• _Task prompt_
Your answer should be only the lines below from the one with "# Drawn here: x" to the one with "msp = doc.modelspace()", repeated exactly, ends included.

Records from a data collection

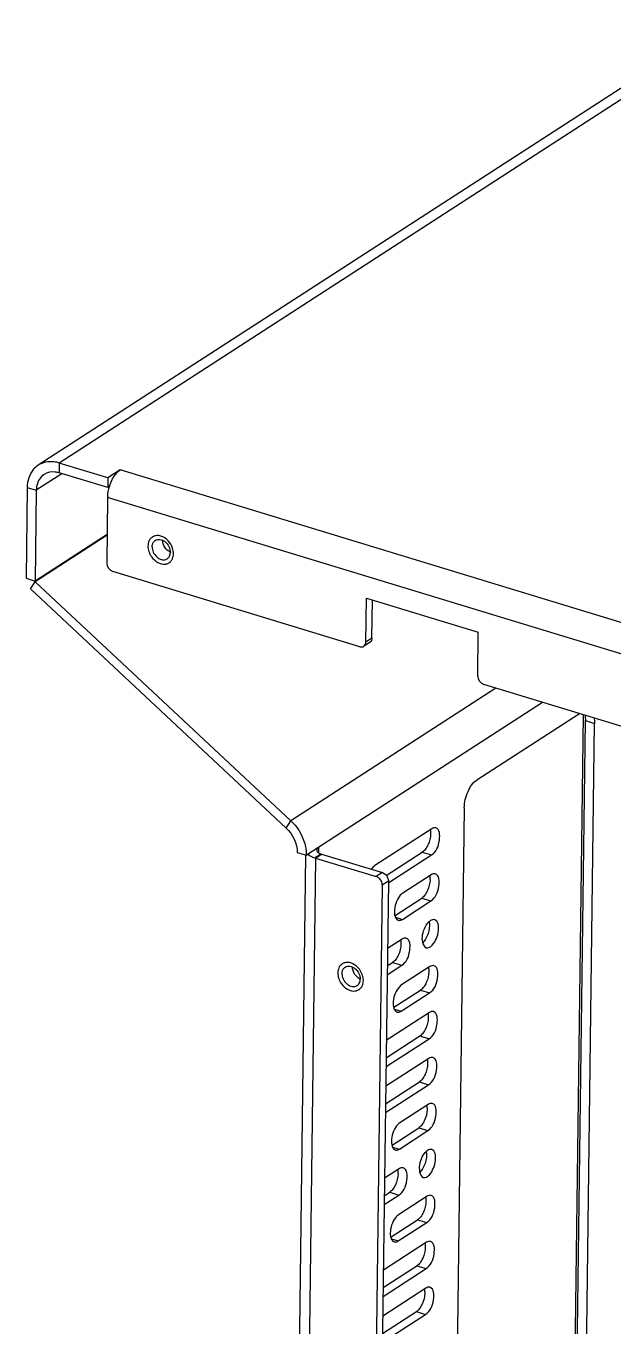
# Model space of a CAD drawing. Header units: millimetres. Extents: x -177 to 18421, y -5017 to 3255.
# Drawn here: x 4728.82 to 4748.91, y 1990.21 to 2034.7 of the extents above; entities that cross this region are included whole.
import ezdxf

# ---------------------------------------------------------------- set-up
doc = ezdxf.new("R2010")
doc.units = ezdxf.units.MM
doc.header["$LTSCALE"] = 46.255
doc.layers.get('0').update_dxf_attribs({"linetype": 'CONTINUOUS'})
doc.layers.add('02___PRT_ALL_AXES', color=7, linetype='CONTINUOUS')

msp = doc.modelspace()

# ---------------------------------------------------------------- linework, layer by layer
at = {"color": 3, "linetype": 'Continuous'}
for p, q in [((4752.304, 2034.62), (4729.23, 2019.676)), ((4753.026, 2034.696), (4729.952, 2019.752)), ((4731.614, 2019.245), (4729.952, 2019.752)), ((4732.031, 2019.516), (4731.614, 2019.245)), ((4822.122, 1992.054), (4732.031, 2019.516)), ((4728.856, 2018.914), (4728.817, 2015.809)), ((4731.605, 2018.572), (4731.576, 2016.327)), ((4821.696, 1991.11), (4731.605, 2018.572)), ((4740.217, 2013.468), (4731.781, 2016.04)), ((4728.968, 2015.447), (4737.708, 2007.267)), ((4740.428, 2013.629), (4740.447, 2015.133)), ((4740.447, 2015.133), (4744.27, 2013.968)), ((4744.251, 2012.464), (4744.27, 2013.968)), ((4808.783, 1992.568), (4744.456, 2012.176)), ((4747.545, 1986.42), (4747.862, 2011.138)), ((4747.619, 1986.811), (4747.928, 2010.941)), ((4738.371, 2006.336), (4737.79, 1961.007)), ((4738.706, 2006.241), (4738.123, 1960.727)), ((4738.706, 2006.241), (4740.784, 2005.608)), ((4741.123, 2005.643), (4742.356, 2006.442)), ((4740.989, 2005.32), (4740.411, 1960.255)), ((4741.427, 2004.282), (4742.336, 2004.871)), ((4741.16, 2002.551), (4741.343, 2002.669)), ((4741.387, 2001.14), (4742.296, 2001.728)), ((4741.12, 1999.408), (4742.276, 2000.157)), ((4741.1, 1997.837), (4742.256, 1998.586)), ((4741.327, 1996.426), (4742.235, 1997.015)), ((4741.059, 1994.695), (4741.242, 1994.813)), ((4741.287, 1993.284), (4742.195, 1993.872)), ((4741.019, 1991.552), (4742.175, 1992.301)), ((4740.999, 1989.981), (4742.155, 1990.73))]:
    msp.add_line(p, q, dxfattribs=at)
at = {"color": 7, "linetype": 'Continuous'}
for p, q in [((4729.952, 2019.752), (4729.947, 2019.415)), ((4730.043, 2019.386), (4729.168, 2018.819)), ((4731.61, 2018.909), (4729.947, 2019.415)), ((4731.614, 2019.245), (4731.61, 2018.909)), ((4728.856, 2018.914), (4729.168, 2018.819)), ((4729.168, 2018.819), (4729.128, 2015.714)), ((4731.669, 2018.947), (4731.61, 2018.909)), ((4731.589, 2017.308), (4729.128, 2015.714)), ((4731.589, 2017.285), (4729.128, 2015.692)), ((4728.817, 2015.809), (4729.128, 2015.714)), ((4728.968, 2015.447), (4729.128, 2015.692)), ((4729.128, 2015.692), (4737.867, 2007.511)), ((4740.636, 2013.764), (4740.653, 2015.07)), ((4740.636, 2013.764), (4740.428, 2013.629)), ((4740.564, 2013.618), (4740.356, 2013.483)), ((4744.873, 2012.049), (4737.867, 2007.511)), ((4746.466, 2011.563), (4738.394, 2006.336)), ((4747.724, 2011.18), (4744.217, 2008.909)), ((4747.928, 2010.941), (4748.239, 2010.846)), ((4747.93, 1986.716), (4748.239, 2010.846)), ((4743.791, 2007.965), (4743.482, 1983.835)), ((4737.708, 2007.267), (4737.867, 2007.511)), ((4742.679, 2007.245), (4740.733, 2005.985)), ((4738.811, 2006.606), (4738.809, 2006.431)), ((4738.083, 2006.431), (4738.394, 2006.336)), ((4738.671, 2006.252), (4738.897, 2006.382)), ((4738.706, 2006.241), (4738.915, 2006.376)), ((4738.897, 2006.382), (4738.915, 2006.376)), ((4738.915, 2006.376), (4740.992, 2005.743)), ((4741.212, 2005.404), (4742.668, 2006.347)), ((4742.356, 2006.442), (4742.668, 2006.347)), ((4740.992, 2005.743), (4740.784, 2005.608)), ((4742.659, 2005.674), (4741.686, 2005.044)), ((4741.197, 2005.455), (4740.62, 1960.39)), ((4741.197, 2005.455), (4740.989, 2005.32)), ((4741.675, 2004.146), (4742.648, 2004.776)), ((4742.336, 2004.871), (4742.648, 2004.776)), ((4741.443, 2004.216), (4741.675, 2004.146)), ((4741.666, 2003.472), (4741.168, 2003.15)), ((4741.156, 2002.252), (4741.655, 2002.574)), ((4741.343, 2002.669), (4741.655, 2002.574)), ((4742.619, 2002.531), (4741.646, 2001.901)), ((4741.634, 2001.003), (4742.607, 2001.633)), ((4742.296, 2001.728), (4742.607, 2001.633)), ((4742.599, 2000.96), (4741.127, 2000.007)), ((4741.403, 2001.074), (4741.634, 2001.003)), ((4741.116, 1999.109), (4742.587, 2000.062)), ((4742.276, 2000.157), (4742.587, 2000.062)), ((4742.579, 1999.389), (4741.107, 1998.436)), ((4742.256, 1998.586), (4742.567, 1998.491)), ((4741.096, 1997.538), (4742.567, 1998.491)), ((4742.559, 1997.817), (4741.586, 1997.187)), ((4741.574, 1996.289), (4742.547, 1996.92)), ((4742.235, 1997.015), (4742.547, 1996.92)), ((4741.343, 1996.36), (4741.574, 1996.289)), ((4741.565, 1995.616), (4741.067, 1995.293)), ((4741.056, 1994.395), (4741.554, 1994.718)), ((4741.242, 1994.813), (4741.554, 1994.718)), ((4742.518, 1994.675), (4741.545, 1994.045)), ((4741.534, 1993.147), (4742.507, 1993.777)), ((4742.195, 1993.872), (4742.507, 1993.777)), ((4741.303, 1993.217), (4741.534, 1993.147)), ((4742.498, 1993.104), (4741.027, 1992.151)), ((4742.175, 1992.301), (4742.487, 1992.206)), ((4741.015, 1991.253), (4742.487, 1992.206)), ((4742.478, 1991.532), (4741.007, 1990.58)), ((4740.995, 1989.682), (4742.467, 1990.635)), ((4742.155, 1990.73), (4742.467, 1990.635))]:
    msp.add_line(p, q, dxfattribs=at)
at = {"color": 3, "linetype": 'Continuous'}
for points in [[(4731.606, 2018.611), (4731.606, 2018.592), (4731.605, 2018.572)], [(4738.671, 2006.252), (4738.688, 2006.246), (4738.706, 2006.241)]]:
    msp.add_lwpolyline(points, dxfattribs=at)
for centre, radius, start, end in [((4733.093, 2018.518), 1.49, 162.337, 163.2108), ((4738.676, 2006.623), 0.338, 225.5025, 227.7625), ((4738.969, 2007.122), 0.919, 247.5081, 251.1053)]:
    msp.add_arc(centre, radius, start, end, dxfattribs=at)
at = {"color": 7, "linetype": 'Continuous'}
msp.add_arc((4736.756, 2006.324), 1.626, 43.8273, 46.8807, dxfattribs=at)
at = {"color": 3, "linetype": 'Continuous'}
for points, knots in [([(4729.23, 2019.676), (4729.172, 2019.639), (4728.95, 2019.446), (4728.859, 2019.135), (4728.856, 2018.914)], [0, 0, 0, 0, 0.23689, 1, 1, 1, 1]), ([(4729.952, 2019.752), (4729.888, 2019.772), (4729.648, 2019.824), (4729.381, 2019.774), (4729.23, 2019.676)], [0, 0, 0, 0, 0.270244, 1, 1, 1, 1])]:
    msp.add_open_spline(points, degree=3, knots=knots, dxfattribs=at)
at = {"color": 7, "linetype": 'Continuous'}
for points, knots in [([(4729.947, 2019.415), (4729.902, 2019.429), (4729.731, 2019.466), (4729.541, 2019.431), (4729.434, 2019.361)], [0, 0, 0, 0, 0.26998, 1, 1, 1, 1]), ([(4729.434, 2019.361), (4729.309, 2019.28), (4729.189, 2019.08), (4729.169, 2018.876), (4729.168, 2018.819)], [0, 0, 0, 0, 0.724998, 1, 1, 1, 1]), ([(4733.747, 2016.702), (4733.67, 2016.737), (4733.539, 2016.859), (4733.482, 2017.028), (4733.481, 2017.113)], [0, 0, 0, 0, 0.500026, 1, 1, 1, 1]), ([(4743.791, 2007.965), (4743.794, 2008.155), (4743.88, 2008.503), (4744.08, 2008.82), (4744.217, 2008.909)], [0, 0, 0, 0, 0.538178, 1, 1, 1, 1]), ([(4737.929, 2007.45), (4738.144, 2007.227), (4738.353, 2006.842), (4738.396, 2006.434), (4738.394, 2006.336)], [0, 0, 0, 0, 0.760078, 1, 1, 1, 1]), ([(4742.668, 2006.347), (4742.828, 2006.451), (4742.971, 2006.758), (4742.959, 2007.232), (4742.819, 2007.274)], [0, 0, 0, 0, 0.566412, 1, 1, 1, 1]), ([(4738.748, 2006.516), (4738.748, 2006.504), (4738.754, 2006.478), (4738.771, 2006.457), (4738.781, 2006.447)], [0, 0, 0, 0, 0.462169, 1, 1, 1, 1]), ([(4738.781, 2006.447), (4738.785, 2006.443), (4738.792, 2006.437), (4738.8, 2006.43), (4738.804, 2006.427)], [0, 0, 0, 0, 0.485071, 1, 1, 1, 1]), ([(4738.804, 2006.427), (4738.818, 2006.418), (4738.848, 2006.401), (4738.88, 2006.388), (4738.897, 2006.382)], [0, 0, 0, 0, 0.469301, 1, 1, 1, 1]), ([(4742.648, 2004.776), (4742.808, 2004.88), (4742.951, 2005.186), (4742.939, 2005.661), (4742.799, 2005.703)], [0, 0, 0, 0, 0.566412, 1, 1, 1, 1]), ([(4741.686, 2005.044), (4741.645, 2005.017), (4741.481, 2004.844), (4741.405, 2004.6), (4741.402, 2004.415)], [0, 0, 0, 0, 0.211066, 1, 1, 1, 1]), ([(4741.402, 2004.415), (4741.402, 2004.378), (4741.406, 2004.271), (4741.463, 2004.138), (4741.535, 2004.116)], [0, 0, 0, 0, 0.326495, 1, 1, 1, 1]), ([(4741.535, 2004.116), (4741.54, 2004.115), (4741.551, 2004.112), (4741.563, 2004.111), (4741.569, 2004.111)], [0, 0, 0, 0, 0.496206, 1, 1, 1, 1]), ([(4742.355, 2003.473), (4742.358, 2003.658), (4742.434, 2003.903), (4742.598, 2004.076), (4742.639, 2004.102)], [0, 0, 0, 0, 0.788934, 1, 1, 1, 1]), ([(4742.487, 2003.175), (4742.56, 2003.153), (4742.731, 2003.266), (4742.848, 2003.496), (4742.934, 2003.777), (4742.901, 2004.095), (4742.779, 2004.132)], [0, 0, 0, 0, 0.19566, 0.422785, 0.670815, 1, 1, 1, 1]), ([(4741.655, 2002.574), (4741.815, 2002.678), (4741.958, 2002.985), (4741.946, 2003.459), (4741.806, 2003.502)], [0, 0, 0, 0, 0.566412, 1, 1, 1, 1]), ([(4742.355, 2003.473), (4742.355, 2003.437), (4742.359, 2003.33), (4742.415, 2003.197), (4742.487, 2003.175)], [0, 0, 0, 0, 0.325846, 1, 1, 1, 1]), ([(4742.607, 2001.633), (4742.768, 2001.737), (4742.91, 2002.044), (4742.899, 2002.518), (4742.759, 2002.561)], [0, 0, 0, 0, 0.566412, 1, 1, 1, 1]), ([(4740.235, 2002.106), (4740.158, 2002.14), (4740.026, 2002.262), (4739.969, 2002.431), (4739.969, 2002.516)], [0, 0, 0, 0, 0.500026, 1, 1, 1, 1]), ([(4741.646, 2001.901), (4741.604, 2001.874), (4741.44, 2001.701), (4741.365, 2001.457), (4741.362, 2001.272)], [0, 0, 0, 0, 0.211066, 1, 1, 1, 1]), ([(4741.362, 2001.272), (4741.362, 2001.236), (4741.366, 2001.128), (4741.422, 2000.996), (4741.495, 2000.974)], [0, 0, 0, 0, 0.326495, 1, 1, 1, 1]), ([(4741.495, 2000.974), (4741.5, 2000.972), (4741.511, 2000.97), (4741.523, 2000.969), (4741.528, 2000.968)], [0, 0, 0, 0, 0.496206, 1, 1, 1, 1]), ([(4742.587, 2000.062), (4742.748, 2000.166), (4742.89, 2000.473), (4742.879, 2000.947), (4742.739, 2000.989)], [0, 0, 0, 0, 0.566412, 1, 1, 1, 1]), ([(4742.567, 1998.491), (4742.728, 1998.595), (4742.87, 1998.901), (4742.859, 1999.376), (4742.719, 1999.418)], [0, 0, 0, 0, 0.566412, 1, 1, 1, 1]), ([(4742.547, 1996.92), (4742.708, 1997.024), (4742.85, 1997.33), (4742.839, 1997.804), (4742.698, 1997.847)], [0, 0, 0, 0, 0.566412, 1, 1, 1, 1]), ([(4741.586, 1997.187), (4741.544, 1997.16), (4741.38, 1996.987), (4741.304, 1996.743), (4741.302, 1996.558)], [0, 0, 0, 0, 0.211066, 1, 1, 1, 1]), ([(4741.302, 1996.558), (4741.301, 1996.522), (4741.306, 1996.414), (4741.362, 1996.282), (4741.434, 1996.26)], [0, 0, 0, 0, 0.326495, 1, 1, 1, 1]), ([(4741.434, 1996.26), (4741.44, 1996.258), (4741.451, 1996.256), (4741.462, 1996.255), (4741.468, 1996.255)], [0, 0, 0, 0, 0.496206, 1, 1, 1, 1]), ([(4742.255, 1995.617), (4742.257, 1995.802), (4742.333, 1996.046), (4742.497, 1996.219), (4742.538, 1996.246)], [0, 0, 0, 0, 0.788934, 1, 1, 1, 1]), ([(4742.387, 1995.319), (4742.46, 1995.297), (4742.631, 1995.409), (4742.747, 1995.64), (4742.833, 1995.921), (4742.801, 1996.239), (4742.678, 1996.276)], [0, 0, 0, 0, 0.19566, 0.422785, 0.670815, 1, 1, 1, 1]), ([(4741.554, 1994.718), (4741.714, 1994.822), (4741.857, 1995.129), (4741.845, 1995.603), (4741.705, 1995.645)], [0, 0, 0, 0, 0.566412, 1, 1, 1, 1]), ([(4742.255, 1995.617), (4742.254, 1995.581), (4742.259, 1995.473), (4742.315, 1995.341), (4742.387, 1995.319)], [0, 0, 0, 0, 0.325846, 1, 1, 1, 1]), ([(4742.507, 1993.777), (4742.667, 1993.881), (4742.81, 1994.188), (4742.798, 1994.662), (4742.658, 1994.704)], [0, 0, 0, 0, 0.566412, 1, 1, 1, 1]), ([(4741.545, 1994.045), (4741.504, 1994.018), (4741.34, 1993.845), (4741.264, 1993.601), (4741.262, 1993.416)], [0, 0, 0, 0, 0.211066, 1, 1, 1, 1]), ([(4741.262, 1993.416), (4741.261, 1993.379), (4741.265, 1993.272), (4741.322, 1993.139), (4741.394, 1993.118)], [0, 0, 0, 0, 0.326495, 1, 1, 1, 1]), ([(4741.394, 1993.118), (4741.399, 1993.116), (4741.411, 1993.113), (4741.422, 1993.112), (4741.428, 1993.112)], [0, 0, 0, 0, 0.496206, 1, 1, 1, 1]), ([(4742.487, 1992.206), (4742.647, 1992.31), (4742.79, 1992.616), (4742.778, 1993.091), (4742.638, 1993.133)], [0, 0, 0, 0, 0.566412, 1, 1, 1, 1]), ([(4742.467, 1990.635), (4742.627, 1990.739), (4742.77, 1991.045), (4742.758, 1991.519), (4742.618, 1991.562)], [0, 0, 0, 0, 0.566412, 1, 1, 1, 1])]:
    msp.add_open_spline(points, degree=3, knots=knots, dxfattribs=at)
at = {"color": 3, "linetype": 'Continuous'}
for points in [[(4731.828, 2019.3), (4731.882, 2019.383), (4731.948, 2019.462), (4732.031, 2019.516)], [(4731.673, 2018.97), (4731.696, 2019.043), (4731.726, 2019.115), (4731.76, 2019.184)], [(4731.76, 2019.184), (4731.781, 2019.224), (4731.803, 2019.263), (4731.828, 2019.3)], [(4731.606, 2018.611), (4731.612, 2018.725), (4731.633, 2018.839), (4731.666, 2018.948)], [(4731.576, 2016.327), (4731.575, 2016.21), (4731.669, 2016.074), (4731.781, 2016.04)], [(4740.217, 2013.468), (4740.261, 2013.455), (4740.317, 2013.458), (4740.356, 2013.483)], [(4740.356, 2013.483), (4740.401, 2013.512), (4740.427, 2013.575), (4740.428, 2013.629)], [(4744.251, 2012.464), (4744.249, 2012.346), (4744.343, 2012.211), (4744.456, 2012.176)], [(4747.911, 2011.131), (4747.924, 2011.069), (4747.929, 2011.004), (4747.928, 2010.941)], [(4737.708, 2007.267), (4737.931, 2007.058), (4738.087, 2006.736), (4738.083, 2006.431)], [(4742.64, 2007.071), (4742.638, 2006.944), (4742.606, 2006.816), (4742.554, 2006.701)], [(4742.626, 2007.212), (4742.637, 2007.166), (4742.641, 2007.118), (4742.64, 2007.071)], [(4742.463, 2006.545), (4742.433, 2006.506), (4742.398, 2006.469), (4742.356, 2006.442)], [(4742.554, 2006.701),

• _Result below_
# Drawn here: x 4728.82 to 4748.91, y 1990.21 to 2034.7 of the extents above; entities that cross this region are included whole.
import ezdxf

# ---------------------------------------------------------------- set-up
doc = ezdxf.new("R2010")
doc.units = ezdxf.units.MM
doc.header["$LTSCALE"] = 46.255
doc.layers.get('0').update_dxf_attribs({"linetype": 'CONTINUOUS'})
doc.layers.add('02___PRT_ALL_AXES', color=7, linetype='CONTINUOUS')

msp = doc.modelspace()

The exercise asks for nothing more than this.